_Work required_
Every line in the listing below from the one with "#186=LINE('',#185,#184);" through the one with "#196=ORIENTED_EDGE('',*,*,#195,.T.);" is to be reproduced exactly, both ends included; leave out the rest.

_Data provided_
○ ○ ○ ○ ○

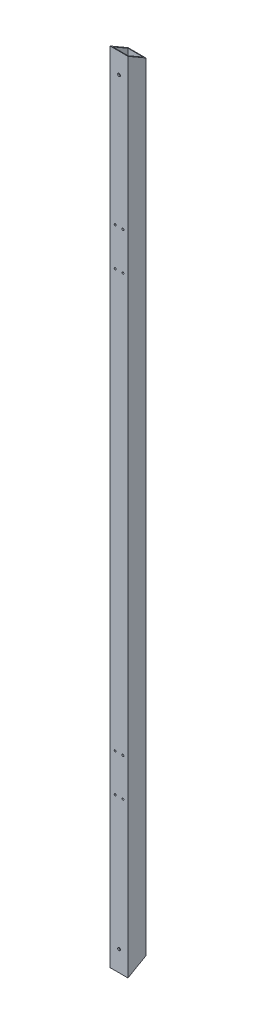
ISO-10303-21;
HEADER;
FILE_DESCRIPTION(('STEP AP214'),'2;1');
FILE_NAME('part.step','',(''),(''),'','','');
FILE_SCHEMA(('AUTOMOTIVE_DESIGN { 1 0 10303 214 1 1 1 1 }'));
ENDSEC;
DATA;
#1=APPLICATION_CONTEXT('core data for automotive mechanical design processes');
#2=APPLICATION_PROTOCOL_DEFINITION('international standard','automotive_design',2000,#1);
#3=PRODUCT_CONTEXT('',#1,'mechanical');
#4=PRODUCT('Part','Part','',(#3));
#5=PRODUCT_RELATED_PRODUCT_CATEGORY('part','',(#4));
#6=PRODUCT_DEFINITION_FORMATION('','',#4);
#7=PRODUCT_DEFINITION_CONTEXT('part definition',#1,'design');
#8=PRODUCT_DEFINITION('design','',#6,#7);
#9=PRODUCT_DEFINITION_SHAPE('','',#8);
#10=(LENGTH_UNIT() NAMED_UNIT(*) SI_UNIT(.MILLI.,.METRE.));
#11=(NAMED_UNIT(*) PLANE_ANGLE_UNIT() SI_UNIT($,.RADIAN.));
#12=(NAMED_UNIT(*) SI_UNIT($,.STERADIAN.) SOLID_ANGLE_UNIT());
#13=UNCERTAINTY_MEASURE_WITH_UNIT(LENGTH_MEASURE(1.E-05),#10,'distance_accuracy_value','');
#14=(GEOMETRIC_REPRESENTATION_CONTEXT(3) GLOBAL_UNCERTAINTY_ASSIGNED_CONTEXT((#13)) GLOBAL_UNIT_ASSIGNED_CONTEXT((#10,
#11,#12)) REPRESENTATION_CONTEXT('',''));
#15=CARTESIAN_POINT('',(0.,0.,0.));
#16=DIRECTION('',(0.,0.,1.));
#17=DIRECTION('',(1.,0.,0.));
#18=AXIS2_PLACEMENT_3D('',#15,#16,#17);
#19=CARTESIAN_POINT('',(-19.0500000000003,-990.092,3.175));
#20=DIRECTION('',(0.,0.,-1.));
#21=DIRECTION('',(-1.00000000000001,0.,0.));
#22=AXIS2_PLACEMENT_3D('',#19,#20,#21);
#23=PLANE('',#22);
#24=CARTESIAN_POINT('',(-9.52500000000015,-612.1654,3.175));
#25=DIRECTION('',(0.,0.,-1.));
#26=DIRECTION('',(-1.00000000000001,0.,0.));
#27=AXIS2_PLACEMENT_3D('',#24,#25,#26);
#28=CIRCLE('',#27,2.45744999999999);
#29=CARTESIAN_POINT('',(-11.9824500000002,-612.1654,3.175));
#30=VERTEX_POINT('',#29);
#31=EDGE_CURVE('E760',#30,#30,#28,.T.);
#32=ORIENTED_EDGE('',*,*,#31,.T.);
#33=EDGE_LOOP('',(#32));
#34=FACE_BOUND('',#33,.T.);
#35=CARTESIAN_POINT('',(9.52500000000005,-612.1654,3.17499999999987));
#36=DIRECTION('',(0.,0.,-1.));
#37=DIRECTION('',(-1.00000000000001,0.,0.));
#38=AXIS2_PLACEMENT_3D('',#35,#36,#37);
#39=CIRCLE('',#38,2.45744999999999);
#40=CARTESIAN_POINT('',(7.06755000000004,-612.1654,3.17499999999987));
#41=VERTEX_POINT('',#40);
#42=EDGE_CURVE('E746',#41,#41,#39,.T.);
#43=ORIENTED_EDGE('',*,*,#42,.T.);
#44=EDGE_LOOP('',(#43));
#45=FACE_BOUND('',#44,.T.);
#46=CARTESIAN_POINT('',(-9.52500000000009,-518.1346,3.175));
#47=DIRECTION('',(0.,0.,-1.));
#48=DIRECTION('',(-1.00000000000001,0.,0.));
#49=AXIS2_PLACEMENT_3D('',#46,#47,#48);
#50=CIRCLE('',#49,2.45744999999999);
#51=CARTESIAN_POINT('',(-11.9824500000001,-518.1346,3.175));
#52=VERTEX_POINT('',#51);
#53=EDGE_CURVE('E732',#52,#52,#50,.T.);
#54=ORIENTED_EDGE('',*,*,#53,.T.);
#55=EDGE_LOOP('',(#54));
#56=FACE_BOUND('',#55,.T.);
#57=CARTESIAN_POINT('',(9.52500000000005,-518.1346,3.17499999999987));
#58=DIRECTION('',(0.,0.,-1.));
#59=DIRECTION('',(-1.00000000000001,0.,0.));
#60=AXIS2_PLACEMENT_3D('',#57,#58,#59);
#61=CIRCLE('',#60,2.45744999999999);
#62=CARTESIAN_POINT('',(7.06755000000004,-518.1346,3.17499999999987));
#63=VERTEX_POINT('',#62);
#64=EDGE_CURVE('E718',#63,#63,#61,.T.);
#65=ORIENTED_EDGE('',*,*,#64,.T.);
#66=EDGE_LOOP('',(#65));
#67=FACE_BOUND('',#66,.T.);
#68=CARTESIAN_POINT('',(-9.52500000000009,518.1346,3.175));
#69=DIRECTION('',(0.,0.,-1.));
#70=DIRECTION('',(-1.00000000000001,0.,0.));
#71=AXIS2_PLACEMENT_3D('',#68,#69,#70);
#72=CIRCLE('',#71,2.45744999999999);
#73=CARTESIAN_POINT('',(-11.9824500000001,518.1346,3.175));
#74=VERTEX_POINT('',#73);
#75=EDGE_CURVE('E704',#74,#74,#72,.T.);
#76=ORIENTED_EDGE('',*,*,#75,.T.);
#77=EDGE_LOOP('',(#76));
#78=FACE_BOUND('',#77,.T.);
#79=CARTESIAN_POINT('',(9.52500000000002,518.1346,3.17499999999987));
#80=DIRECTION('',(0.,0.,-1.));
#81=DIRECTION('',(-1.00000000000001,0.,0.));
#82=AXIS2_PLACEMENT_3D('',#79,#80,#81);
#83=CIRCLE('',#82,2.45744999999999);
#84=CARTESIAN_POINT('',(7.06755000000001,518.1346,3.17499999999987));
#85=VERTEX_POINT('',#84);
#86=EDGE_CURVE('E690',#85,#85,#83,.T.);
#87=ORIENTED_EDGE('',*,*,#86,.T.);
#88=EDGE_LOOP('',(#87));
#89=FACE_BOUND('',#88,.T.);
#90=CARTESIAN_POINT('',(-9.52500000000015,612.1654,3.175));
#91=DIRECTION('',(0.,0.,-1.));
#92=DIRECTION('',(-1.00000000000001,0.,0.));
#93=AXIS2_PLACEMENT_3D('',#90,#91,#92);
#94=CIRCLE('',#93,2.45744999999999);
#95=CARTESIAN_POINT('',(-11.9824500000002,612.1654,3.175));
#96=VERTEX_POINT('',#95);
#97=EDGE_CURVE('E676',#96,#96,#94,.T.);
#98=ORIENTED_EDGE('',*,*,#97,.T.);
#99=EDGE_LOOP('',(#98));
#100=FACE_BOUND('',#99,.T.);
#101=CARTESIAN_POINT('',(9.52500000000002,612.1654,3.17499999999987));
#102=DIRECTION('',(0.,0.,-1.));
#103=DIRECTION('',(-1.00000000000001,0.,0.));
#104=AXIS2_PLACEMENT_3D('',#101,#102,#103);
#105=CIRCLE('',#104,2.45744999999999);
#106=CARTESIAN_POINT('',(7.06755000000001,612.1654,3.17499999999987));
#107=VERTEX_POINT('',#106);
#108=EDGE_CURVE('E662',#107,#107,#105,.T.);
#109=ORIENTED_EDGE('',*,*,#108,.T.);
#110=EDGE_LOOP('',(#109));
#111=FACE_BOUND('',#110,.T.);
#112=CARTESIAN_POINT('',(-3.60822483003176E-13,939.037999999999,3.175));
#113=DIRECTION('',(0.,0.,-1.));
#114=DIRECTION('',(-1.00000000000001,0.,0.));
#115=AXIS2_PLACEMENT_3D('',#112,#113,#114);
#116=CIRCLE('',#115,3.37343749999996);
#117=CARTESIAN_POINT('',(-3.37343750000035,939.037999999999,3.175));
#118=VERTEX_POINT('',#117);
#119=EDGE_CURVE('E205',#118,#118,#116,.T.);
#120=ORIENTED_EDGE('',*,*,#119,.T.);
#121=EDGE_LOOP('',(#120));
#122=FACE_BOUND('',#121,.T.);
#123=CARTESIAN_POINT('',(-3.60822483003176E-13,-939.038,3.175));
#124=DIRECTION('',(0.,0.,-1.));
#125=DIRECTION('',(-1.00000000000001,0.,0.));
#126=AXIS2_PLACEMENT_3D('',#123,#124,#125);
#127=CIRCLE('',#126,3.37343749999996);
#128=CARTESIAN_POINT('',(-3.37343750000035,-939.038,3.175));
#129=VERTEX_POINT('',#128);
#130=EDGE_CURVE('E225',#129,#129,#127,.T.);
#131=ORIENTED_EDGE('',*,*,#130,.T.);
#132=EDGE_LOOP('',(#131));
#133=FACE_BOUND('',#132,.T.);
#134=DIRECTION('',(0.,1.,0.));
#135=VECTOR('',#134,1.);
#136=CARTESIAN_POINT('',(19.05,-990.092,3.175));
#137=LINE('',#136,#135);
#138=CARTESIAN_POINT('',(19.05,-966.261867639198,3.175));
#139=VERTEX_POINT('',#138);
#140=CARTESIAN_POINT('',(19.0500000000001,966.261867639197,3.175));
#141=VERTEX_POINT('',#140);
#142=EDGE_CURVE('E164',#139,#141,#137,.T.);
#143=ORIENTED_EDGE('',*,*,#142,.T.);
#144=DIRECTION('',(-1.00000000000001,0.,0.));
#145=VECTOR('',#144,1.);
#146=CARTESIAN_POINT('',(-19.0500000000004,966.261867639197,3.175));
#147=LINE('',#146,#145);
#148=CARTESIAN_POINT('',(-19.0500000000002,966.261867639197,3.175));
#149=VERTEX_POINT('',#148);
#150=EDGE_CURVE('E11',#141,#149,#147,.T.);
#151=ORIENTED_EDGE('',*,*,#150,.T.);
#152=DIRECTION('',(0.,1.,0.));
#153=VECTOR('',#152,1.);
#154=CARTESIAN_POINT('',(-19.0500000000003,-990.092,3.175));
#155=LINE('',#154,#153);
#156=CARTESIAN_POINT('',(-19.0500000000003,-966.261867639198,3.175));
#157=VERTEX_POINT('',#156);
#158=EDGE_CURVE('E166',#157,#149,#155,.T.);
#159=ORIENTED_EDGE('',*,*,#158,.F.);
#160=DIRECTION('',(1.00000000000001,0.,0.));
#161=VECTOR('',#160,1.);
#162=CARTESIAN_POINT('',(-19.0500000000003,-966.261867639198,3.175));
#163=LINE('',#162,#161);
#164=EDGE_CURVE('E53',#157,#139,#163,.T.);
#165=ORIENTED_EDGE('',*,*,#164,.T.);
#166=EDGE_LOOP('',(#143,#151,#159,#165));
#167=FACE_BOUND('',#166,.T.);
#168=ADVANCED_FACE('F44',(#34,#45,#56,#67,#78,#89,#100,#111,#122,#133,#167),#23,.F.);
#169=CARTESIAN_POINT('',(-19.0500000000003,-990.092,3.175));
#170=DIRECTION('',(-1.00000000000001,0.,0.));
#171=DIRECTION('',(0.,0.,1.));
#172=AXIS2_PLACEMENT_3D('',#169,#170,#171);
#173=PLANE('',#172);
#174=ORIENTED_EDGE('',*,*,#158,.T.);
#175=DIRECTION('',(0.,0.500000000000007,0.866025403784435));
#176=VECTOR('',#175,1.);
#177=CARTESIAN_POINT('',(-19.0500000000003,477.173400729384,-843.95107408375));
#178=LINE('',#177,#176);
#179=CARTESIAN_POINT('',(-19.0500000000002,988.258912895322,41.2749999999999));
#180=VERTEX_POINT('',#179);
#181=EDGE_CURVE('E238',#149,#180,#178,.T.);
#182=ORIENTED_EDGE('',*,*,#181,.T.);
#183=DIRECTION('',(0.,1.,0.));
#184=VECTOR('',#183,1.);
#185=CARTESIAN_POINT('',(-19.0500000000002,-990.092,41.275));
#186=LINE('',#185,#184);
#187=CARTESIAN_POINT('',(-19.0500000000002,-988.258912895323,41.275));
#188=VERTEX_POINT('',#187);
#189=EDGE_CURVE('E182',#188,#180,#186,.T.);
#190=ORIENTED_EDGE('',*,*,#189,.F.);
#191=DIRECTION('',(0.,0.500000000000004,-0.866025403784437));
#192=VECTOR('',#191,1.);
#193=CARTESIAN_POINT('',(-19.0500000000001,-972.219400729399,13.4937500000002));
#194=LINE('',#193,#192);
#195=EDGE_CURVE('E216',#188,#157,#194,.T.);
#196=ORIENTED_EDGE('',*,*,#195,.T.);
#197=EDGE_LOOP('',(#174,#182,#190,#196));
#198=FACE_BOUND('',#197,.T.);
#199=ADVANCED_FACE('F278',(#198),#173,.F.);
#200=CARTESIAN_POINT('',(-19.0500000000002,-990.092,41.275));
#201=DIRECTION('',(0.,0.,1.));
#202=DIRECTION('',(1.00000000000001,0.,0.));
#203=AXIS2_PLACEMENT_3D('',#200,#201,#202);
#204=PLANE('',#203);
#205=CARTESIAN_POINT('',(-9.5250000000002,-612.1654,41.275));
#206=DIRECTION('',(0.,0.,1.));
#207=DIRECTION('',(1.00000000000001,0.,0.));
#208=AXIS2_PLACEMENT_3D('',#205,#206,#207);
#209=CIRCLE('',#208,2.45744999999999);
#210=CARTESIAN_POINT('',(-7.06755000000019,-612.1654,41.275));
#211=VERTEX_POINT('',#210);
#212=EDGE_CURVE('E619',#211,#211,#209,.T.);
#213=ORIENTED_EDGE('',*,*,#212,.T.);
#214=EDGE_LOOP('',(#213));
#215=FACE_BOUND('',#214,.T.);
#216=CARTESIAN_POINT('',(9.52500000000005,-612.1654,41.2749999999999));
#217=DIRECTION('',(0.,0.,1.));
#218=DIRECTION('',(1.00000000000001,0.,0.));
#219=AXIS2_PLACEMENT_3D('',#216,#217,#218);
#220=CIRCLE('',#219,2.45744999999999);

○ ○ ○ ○ ○

_Result_
#186=LINE('',#185,#184);
#187=CARTESIAN_POINT('',(-19.0500000000002,-988.258912895323,41.275));
#188=VERTEX_POINT('',#187);
#189=EDGE_CURVE('E182',#188,#180,#186,.T.);
#190=ORIENTED_EDGE('',*,*,#189,.F.);
#191=DIRECTION('',(0.,0.500000000000004,-0.866025403784437));
#192=VECTOR('',#191,1.);
#193=CARTESIAN_POINT('',(-19.0500000000001,-972.219400729399,13.4937500000002));
#194=LINE('',#193,#192);
#195=EDGE_CURVE('E216',#188,#157,#194,.T.);
#196=ORIENTED_EDGE('',*,*,#195,.T.);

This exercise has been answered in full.